- **AIM OF THE EXERCISE**
Print the data below exactly, but only the lines from the one containing "#19=CARTESIAN_POINT('',(0.,3.,0.));" down to the one containing "#43=EDGE_CURVE('E191',#40,#42,#38,.T.);", inclusive.
········
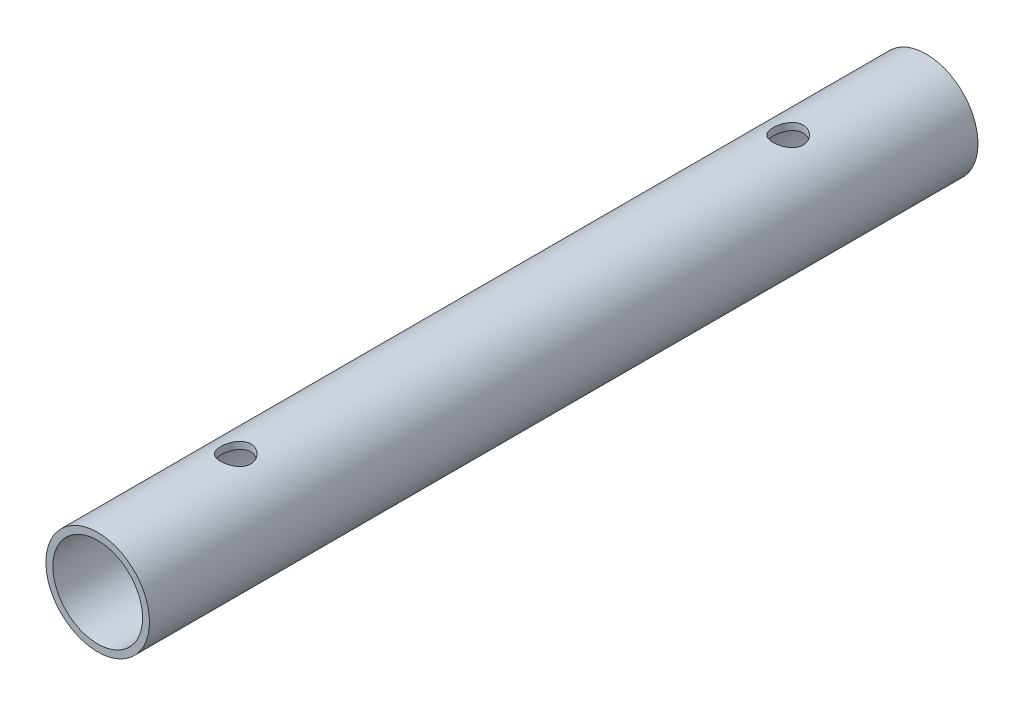
ISO-10303-21;
HEADER;
FILE_DESCRIPTION(('STEP AP214'),'2;1');
FILE_NAME('part.step','',(''),(''),'','','');
FILE_SCHEMA(('AUTOMOTIVE_DESIGN { 1 0 10303 214 1 1 1 1 }'));
ENDSEC;
DATA;
#1=APPLICATION_CONTEXT('core data for automotive mechanical design processes');
#2=APPLICATION_PROTOCOL_DEFINITION('international standard','automotive_design',2000,#1);
#3=PRODUCT_CONTEXT('',#1,'mechanical');
#4=PRODUCT('Part','Part','',(#3));
#5=PRODUCT_RELATED_PRODUCT_CATEGORY('part','',(#4));
#6=PRODUCT_DEFINITION_FORMATION('','',#4);
#7=PRODUCT_DEFINITION_CONTEXT('part definition',#1,'design');
#8=PRODUCT_DEFINITION('design','',#6,#7);
#9=PRODUCT_DEFINITION_SHAPE('','',#8);
#10=(LENGTH_UNIT() NAMED_UNIT(*) SI_UNIT(.MILLI.,.METRE.));
#11=(NAMED_UNIT(*) PLANE_ANGLE_UNIT() SI_UNIT($,.RADIAN.));
#12=(NAMED_UNIT(*) SI_UNIT($,.STERADIAN.) SOLID_ANGLE_UNIT());
#13=UNCERTAINTY_MEASURE_WITH_UNIT(LENGTH_MEASURE(1.E-05),#10,'distance_accuracy_value','');
#14=(GEOMETRIC_REPRESENTATION_CONTEXT(3) GLOBAL_UNCERTAINTY_ASSIGNED_CONTEXT((#13)) GLOBAL_UNIT_ASSIGNED_CONTEXT((#10,
#11,#12)) REPRESENTATION_CONTEXT('',''));
#15=CARTESIAN_POINT('',(0.,0.,0.));
#16=DIRECTION('',(0.,0.,1.));
#17=DIRECTION('',(1.,0.,0.));
#18=AXIS2_PLACEMENT_3D('',#15,#16,#17);
#19=CARTESIAN_POINT('',(0.,0.,-358.681536726415));
#20=DIRECTION('',(0.,0.,1.));
#21=DIRECTION('',(1.,0.,0.));
#22=AXIS2_PLACEMENT_3D('',#19,#20,#21);
#23=CYLINDRICAL_SURFACE('',#22,19.05);
#24=CARTESIAN_POINT('',(0.,0.,0.));
#25=DIRECTION('',(0.,0.,1.));
#26=DIRECTION('',(1.,0.,0.));
#27=AXIS2_PLACEMENT_3D('',#24,#25,#26);
#28=CIRCLE('',#27,19.05);
#29=CARTESIAN_POINT('',(19.05,0.,0.));
#30=VERTEX_POINT('',#29);
#31=EDGE_CURVE('E48',#30,#30,#28,.T.);
#32=ORIENTED_EDGE('',*,*,#31,.F.);
#33=EDGE_LOOP('',(#32));
#34=FACE_BOUND('',#33,.T.);
#35=CARTESIAN_POINT('',(0.,0.,-304.8));
#36=DIRECTION('',(0.,0.,-1.));
#37=DIRECTION('',(0.,1.,0.));
#38=AXIS2_PLACEMENT_3D('',#35,#36,#37);
#39=CIRCLE('',#38,19.05);
#40=CARTESIAN_POINT('',(0.,19.05,-304.8));
#41=VERTEX_POINT('',#40);
#42=EDGE_CURVE('E57',#41,#41,#39,.F.);
#43=ORIENTED_EDGE('',*,*,#42,.T.);
#44=EDGE_LOOP('',(#43));
#45=FACE_BOUND('',#44,.T.);
#46=CARTESIAN_POINT('',(0.,19.05,-56.35625));
#47=CARTESIAN_POINT('',(0.305197852957572,19.0499967593656,-56.3562452855948));
#48=CARTESIAN_POINT('',(0.610443721254728,19.04259502865,-56.3310201483082));
#49=CARTESIAN_POINT('',(1.21207106492609,19.0137899802685,-56.2310095974832));
#50=CARTESIAN_POINT('',(1.50844944236132,18.9923818277056,-56.156207070137));
#51=CARTESIAN_POINT('',(2.08357574543337,18.9379141773575,-55.9597337553705));
#52=CARTESIAN_POINT('',(2.36234818506784,18.9048713209344,-55.8381298859044));
#53=CARTESIAN_POINT('',(2.89554578253322,18.8305835067855,-55.5517734479198));
#54=CARTESIAN_POINT('',(3.14996809945047,18.7893375937379,-55.3870158530418));
#55=CARTESIAN_POINT('',(3.63418633990808,18.7017985246687,-55.0142885747957));
#56=CARTESIAN_POINT('',(3.8632236566638,18.6554062618649,-54.8053566837375));
#57=CARTESIAN_POINT('',(4.28355654099156,18.5634058154964,-54.352263885439));
#58=CARTESIAN_POINT('',(4.47484617120299,18.5177977563079,-54.1080974465714));
#59=CARTESIAN_POINT('',(4.81816843938339,18.4314904262148,-53.5851428068572));
#60=CARTESIAN_POINT('',(4.96928907087044,18.3909148222254,-53.3057335529916));
#61=CARTESIAN_POINT('',(5.22209367570295,18.3207416053292,-52.7240942075278));
#62=CARTESIAN_POINT('',(5.32378878913775,18.2911415189916,-52.421869276147));
#63=CARTESIAN_POINT('',(5.47214625291467,18.247301082059,-51.81166730067));
#64=CARTESIAN_POINT('',(5.52020133630383,18.2326728793863,-51.5040574645368));
#65=CARTESIAN_POINT('',(5.56426199642803,18.2192773099229,-50.8848207872725));
#66=CARTESIAN_POINT('',(5.56027941268827,18.2205063353207,-50.5731948759908));
#67=CARTESIAN_POINT('',(5.50147475001922,18.2383417195535,-49.9659759041382));
#68=CARTESIAN_POINT('',(5.44838154643727,18.2544251203865,-49.6701975373336));
#69=CARTESIAN_POINT('',(5.29564973051496,18.299313291821,-49.091942675106));
#70=CARTESIAN_POINT('',(5.19600675179311,18.3281192557886,-48.8094674302563));
#71=CARTESIAN_POINT('',(4.95169587736092,18.3956350696536,-48.2615367254907));
#72=CARTESIAN_POINT('',(4.80645560148868,18.4344696423172,-47.9963525008436));
#73=CARTESIAN_POINT('',(4.47547110285111,18.5176052201316,-47.4935335128724));
#74=CARTESIAN_POINT('',(4.28971753138748,18.5619074859608,-47.2559051276496));
#75=CARTESIAN_POINT('',(3.87432679086706,18.6531222739158,-46.8051178353809));
#76=CARTESIAN_POINT('',(3.64325026483736,18.7000689061365,-46.5932899910498));
#77=CARTESIAN_POINT('',(3.14827065571151,18.7897329549577,-46.2110917910002));
#78=CARTESIAN_POINT('',(2.88436572714628,18.8324501335542,-46.0407237675642));
#79=CARTESIAN_POINT('',(2.32889511331043,18.9091967961887,-45.7455322566976));
#80=CARTESIAN_POINT('',(2.03717211372351,18.9431722966634,-45.6209898226991));
#81=CARTESIAN_POINT('',(1.43570302112554,18.9982185370377,-45.4231210825474));
#82=CARTESIAN_POINT('',(1.12596169270964,19.0192926716187,-45.3497813029444));
#83=CARTESIAN_POINT('',(0.508575303740116,19.0456308433475,-45.2585827413815));
#84=CARTESIAN_POINT('',(0.201218464925073,19.0514091475778,-45.2389185739891));
#85=CARTESIAN_POINT('',(-0.41241648279452,19.048005485797,-45.2505885632524));
#86=CARTESIAN_POINT('',(-0.71869472225038,19.038825397383,-45.2819163193348));
#87=CARTESIAN_POINT('',(-1.31476061235856,19.006872072053,-45.3932149881674));
#88=CARTESIAN_POINT('',(-1.60476000906639,18.9843903388586,-45.4721434341759));
#89=CARTESIAN_POINT('',(-2.16734740494981,18.9284202360177,-45.675160171376));
#90=CARTESIAN_POINT('',(-2.43993335134991,18.8949305715561,-45.7992537753329));
#91=CARTESIAN_POINT('',(-2.9666964196714,18.8195015702674,-46.0921904479054));
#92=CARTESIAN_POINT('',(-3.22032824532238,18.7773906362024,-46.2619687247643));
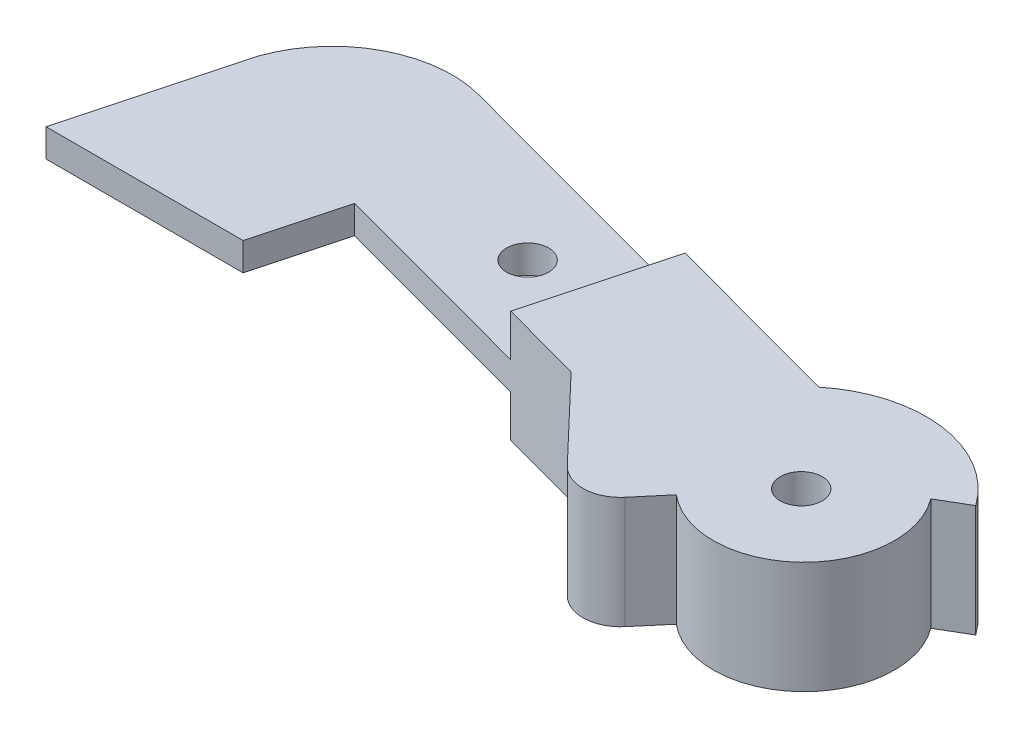
ISO-10303-21;
HEADER;
FILE_DESCRIPTION(('STEP AP214'),'2;1');
FILE_NAME('part.step','',(''),(''),'','','');
FILE_SCHEMA(('AUTOMOTIVE_DESIGN { 1 0 10303 214 1 1 1 1 }'));
ENDSEC;
DATA;
#1=APPLICATION_CONTEXT('core data for automotive mechanical design processes');
#2=APPLICATION_PROTOCOL_DEFINITION('international standard','automotive_design',2000,#1);
#3=PRODUCT_CONTEXT('',#1,'mechanical');
#4=PRODUCT('Part','Part','',(#3));
#5=PRODUCT_RELATED_PRODUCT_CATEGORY('part','',(#4));
#6=PRODUCT_DEFINITION_FORMATION('','',#4);
#7=PRODUCT_DEFINITION_CONTEXT('part definition',#1,'design');
#8=PRODUCT_DEFINITION('design','',#6,#7);
#9=PRODUCT_DEFINITION_SHAPE('','',#8);
#10=(LENGTH_UNIT() NAMED_UNIT(*) SI_UNIT(.MILLI.,.METRE.));
#11=(NAMED_UNIT(*) PLANE_ANGLE_UNIT() SI_UNIT($,.RADIAN.));
#12=(NAMED_UNIT(*) SI_UNIT($,.STERADIAN.) SOLID_ANGLE_UNIT());
#13=UNCERTAINTY_MEASURE_WITH_UNIT(LENGTH_MEASURE(1.E-05),#10,'distance_accuracy_value','');
#14=(GEOMETRIC_REPRESENTATION_CONTEXT(3) GLOBAL_UNCERTAINTY_ASSIGNED_CONTEXT((#13)) GLOBAL_UNIT_ASSIGNED_CONTEXT((#10,
#11,#12)) REPRESENTATION_CONTEXT('',''));
#15=CARTESIAN_POINT('',(0.,0.,0.));
#16=DIRECTION('',(0.,0.,1.));
#17=DIRECTION('',(1.,0.,0.));
#18=AXIS2_PLACEMENT_3D('',#15,#16,#17);
#19=CARTESIAN_POINT('',(0.,3.,0.));
#20=DIRECTION('',(0.,1.,0.));
#21=DIRECTION('',(0.,0.,1.));
#22=AXIS2_PLACEMENT_3D('',#19,#20,#21);
#23=PLANE('',#22);
#24=CARTESIAN_POINT('',(38.1375473411404,3.,-13.414423288289));
#25=DIRECTION('',(0.,1.,0.));
#26=DIRECTION('',(0.,0.,1.));
#27=AXIS2_PLACEMENT_3D('',#24,#25,#26);
#28=CIRCLE('',#27,2.25);
#29=CARTESIAN_POINT('',(38.1375473411404,3.,-11.164423288289));
#30=VERTEX_POINT('',#29);
#31=EDGE_CURVE('E263',#30,#30,#28,.T.);
#32=ORIENTED_EDGE('',*,*,#31,.F.);
#33=EDGE_LOOP('',(#32));
#34=FACE_BOUND('',#33,.T.);
#35=DIRECTION('',(0.965802034417138,0.,0.259280601502922));
#36=VECTOR('',#35,1.);
#37=CARTESIAN_POINT('',(3.94302267334463,3.,-14.6874825867998));
#38=LINE('',#37,#36);
#39=CARTESIAN_POINT('',(23.6218770970386,3.,-9.40446906017879));
#40=VERTEX_POINT('',#39);
#41=CARTESIAN_POINT('',(46.4667869024904,3.,-3.27149175783521));
#42=VERTEX_POINT('',#41);
#43=EDGE_CURVE('E191',#40,#42,#38,.T.);
#44=ORIENTED_EDGE('',*,*,#43,.T.);
#45=DIRECTION('',(0.259777797376157,0.,-0.965668419277752));
#46=VECTOR('',#45,1.);
#47=CARTESIAN_POINT('',(46.4667869024904,3.,-3.27149175783521));
#48=LINE('',#47,#46);
#49=CARTESIAN_POINT('',(50.4273284390443,3.,-17.9939581260828));
#50=VERTEX_POINT('',#49);
#51=EDGE_CURVE('E234',#42,#50,#48,.T.);
#52=ORIENTED_EDGE('',*,*,#51,.T.);
#53=DIRECTION('',(-0.965668419277752,0.,-0.259777797376157));
#54=VECTOR('',#53,1.);
#55=CARTESIAN_POINT('',(7.9170134576932,3.,-29.4298048113059));
#56=LINE('',#55,#54);
#57=CARTESIAN_POINT('',(20.2817959844678,3.,-26.1035119495769));
#58=VERTEX_POINT('',#57);
#59=EDGE_CURVE('E266',#50,#58,#56,.T.);
#60=ORIENTED_EDGE('',*,*,#59,.T.);
#61=CARTESIAN_POINT('',(16.9456022551539,3.,-13.7019250644362));
#62=DIRECTION('',(0.,1.,0.));
#63=DIRECTION('',(0.,0.,1.));
#64=AXIS2_PLACEMENT_3D('',#61,#62,#63);
#65=CIRCLE('',#64,12.8424898625309);
#66=CARTESIAN_POINT('',(4.79412868436272,3.,-17.8577927148279));
#67=VERTEX_POINT('',#66);
#68=EDGE_CURVE('E269',#58,#67,#65,.T.);
#69=ORIENTED_EDGE('',*,*,#68,.T.);
#70=DIRECTION('',(0.259280601502922,0.,-0.965802034417138));
#71=VECTOR('',#70,1.);
#72=CARTESIAN_POINT('',(0.,3.,0.));
#73=LINE('',#72,#71);
#74=CARTESIAN_POINT('',(0.,3.,0.));
#75=VERTEX_POINT('',#74);
#76=EDGE_CURVE('E271',#75,#67,#73,.T.);
#77=ORIENTED_EDGE('',*,*,#76,.F.);
#78=DIRECTION('',(1.,0.,0.));
#79=VECTOR('',#78,1.);
#80=CARTESIAN_POINT('',(0.,3.,0.));
#81=LINE('',#80,#79);
#82=CARTESIAN_POINT('',(21.0971398239282,3.,0.));
#83=VERTEX_POINT('',#82);
#84=EDGE_CURVE('E274',#75,#83,#81,.T.);
#85=ORIENTED_EDGE('',*,*,#84,.T.);
#86=DIRECTION('',(0.259280601502922,0.,-0.965802034417138));
#87=VECTOR('',#86,1.);
#88=CARTESIAN_POINT('',(19.6788544236939,3.,5.28301352662098));
#89=LINE('',#88,#87);
#90=EDGE_CURVE('E276',#83,#40,#89,.T.);
#91=ORIENTED_EDGE('',*,*,#90,.T.);
#92=EDGE_LOOP('',(#44,#52,#60,#69,#77,#85,#91));
#93=FACE_BOUND('',#92,.T.);
#94=ADVANCED_FACE('F65',(#34,#93),#23,.T.);
#95=CARTESIAN_POINT('',(7.9170134576932,3.,-29.4298048113059));
#96=DIRECTION('',(-0.259777797376157,0.,0.965668419277752));
#97=DIRECTION('',(0.965668419277752,0.,0.259777797376157));
#98=AXIS2_PLACEMENT_3D('',#95,#96,#97);
#99=PLANE('',#98);
#100=DIRECTION('',(0.,-1.,0.));
#101=VECTOR('',#100,1.);
#102=CARTESIAN_POINT('',(70.0120906436634,3.,-12.725393589762));
#103=LINE('',#102,#101);
#104=CARTESIAN_POINT('',(70.0120906436634,7.5,-12.725393589762));
#105=VERTEX_POINT('',#104);
#106=CARTESIAN_POINT('',(70.0120906436634,-4.5,-12.725393589762));
#107=VERTEX_POINT('',#106);
#108=EDGE_CURVE('E181',#105,#107,#103,.T.);
#109=ORIENTED_EDGE('',*,*,#108,.T.);
#110=DIRECTION('',(-0.965668419277752,0.,-0.259777797376158));
#111=VECTOR('',#110,1.);
#112=CARTESIAN_POINT('',(7.9170134576932,-4.5,-29.4298048113059));
#113=LINE('',#112,#111);
#114=CARTESIAN_POINT('',(50.4273284390443,-4.5,-17.9939581260828));
#115=VERTEX_POINT('',#114);
#116=EDGE_CURVE('E184',#107,#115,#113,.T.);
#117=ORIENTED_EDGE('',*,*,#116,.T.);
#118=DIRECTION('',(0.,1.,0.));
#119=VECTOR('',#118,1.);
#120=CARTESIAN_POINT('',(50.4273284390443,-4.5,-17.9939581260828));
#121=LINE('',#120,#119);
#122=CARTESIAN_POINT('',(50.4273284390443,0.,-17.9939581260828));
#123=VERTEX_POINT('',#122);
#124=EDGE_CURVE('E227',#115,#123,#121,.T.);
#125=ORIENTED_EDGE('',*,*,#124,.T.);
#126=DIRECTION('',(-0.965668419277752,0.,-0.259777797376157));
#127=VECTOR('',#126,1.);
#128=CARTESIAN_POINT('',(7.9170134576932,0.,-29.4298048113059));
#129=LINE('',#128,#127);
#130=CARTESIAN_POINT('',(20.2817959844678,0.,-26.1035119495769));
#131=VERTEX_POINT('',#130);
#132=EDGE_CURVE('E282',#123,#131,#129,.T.);
#133=ORIENTED_EDGE('',*,*,#132,.T.);
#134=DIRECTION('',(0.,-1.,0.));
#135=VECTOR('',#134,1.);
#136=CARTESIAN_POINT('',(20.2817959844678,3.,-26.1035119495769));
#137=LINE('',#136,#135);
#138=EDGE_CURVE('E12',#58,#131,#137,.T.);
#139=ORIENTED_EDGE('',*,*,#138,.F.);
#140=ORIENTED_EDGE('',*,*,#59,.F.);
#141=DIRECTION('',(0.,-1.,0.));
#142=VECTOR('',#141,1.);
#143=CARTESIAN_POINT('',(50.4273284390443,7.5,-17.9939581260828));
#144=LINE('',#143,#142);
#145=CARTESIAN_POINT('',(50.4273284390443,7.5,-17.9939581260828));
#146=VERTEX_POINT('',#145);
········
- **SOLUTION TO THIS PROBLEM**
#19=CARTESIAN_POINT('',(0.,3.,0.));
#20=DIRECTION('',(0.,1.,0.));
#21=DIRECTION('',(0.,0.,1.));
#22=AXIS2_PLACEMENT_3D('',#19,#20,#21);
#23=PLANE('',#22);
#24=CARTESIAN_POINT('',(38.1375473411404,3.,-13.414423288289));
#25=DIRECTION('',(0.,1.,0.));
#26=DIRECTION('',(0.,0.,1.));
#27=AXIS2_PLACEMENT_3D('',#24,#25,#26);
#28=CIRCLE('',#27,2.25);
#29=CARTESIAN_POINT('',(38.1375473411404,3.,-11.164423288289));
#30=VERTEX_POINT('',#29);
#31=EDGE_CURVE('E263',#30,#30,#28,.T.);
#32=ORIENTED_EDGE('',*,*,#31,.F.);
#33=EDGE_LOOP('',(#32));
#34=FACE_BOUND('',#33,.T.);
#35=DIRECTION('',(0.965802034417138,0.,0.259280601502922));
#36=VECTOR('',#35,1.);
#37=CARTESIAN_POINT('',(3.94302267334463,3.,-14.6874825867998));
#38=LINE('',#37,#36);
#39=CARTESIAN_POINT('',(23.6218770970386,3.,-9.40446906017879));
#40=VERTEX_POINT('',#39);
#41=CARTESIAN_POINT('',(46.4667869024904,3.,-3.27149175783521));
#42=VERTEX_POINT('',#41);
#43=EDGE_CURVE('E191',#40,#42,#38,.T.);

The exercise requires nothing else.